Chua might respond: “But I did force my kids to master piano! I did force them to be first in their class! I’m a ferocious tiger!” Sure, a strong-willed and crafty adult holding virtually every lever of emotional and physical power can coerce a child into virtually any short-term behavior. But there’s a price to be paid there – and not just in a loss of respect for the parent. The WSJ excerpt mocks the idea that kids are emotionally fragile, but she ought to understand that plasticity applies to a child’s psyche as well as his or her skills. Just as kids can be stretched to develop astounding finger dexterity, they can develop deep wells of resentment and self-loathing. For my book The Genius in All Of Us, I spoke to Columbia University psychiatrist Peter Freed about the downside of parents using emotional coercion to push a child to his or limits. “The parent beams when the child performs well and then withdraws love when he’s underperforming,” explained Freed. “The kid becomes addicted to pleasing the parent. When he doesn’t live up to the parent’s expectations, he feels his parent go cold, which of course is totally devastating. That on-again, off-again feeling about how love works sets the stage for narcissism.” A troubling adult life follows.
Fortunately, there is a much healthier way to incentivize high achievement: Parents can invest in their child’s desire to seek achievement for his or her own inner satisfaction. They can set and model high expectations while showing affection and supporting their kid’s emotional independence. They can model resilience in their own lives, demonstrating that failure is never the final verdict but rather can provide an insight into skills that haven’t yet been sufficiently developed.

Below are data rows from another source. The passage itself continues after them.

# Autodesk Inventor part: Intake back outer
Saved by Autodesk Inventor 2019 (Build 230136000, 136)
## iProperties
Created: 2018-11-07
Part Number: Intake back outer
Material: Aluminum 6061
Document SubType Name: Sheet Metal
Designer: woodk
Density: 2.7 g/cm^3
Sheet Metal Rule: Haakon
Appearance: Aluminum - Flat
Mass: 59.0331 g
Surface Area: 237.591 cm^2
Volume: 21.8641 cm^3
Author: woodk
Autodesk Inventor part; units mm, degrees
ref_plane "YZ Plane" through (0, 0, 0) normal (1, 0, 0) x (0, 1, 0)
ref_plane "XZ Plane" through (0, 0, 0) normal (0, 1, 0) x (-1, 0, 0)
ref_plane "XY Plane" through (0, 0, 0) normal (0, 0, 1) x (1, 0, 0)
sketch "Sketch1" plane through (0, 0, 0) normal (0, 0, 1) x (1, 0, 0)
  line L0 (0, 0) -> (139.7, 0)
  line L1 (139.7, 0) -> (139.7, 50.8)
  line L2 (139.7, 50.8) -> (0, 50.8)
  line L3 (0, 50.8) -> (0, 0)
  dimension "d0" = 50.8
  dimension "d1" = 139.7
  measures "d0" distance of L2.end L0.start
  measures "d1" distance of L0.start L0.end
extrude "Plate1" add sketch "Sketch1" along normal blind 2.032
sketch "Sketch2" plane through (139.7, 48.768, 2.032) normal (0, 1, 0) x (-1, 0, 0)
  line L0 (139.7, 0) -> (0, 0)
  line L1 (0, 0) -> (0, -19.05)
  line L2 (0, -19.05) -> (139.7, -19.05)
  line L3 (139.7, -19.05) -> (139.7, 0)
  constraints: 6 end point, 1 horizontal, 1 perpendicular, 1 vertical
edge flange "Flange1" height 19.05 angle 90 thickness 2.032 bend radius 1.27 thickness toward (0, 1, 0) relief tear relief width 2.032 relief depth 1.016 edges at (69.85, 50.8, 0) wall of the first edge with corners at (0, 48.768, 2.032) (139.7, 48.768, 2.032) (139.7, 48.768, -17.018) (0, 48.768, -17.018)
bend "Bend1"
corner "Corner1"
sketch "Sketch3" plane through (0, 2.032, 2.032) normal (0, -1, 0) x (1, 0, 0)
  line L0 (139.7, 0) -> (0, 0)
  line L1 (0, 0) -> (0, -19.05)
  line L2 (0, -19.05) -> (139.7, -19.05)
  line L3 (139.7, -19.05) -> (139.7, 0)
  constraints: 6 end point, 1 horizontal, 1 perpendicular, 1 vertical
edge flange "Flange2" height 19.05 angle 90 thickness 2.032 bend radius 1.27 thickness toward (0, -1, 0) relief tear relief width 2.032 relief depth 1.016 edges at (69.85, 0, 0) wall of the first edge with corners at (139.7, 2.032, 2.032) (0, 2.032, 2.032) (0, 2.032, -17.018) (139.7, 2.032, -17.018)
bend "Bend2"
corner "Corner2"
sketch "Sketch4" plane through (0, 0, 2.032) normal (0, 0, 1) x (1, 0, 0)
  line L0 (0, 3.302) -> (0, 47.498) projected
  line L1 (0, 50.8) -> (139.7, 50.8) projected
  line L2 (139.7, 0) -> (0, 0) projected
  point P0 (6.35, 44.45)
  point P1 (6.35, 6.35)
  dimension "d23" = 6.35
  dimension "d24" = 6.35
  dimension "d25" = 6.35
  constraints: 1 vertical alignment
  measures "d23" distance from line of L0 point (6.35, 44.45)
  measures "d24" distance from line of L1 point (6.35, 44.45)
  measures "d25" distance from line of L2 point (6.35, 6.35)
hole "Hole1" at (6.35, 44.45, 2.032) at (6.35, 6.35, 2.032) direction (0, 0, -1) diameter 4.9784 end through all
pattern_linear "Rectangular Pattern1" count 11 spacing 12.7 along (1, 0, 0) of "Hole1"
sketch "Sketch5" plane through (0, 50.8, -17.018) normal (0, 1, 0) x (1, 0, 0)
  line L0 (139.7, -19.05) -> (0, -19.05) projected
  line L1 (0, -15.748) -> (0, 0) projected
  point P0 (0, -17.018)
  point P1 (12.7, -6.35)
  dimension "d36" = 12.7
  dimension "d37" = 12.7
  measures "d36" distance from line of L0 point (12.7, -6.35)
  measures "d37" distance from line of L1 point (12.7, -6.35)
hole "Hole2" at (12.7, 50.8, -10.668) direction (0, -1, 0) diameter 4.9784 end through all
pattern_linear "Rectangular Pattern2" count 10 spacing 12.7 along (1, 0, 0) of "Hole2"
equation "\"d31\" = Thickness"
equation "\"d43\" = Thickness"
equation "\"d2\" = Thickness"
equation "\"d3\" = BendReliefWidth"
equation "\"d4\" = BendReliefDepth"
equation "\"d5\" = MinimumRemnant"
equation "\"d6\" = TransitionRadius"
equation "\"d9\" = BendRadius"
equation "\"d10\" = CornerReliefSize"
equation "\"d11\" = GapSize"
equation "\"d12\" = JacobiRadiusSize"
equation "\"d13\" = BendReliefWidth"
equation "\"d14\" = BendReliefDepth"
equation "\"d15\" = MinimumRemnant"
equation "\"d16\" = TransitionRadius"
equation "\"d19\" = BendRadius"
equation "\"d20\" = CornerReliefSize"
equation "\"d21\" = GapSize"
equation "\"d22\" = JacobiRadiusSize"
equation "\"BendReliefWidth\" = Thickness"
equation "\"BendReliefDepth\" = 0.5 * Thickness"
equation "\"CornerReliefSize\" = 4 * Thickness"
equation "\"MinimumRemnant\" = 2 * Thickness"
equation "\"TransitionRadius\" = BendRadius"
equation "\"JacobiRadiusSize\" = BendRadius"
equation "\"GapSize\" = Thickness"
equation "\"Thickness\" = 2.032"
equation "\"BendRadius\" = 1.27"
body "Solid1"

To start, parents can use Chua’s DON’T list as the perfect DO list:
Sleepovers and play dates Helping your child form and nurture the right friendships is the most important thing you can do for them, bar none. We are social animals. We sink or thrive according to the quality of our relationships. Sleepovers in particular tell a child, “You can handle this.”
Drama and musical performance I’m trying to think of a desirable trait not associated with rehearsal and performance, and I can’t think of any. Poise and self-confidence, communication skills, emotional intelligence, literary deconstruction, and, yes, living up to high expectations – all these can come from public performance.
Access to good TV and other media Trying to separate your child from the cultural world around us is a recipe for disconnectedness (and it won’t work anyway, unless you have a plan to somehow skip over the teen years). We’re lucky to live in an age where, amid all the media crud, there is also an enormous amount of smart, witty, emotionally resonant television and film. In our family, we’ve found watching choice shows together can be warm and rich. We’ll hit the pause button often to explain civics or history lessons unfolding before us. My eight-year-old knows what a filibuster is – thank you, Aaron Sorkin.
So while I don’t agree with Chua’s methods, let me be clear: I condemn totally and utterly any parents who blithely accept mediocrity in their family life, who convey to their children that average success is all that’s expected – or worse, all that can be hoped for. That is a very dark message indeed – every bit as dark, I think, as Chua’s apparent ferocity towards her children.
The great news is that parents can have it both ways; they can nurture and set the highest of expectations. It worked for our family, anyway – and we’re not even Chinese.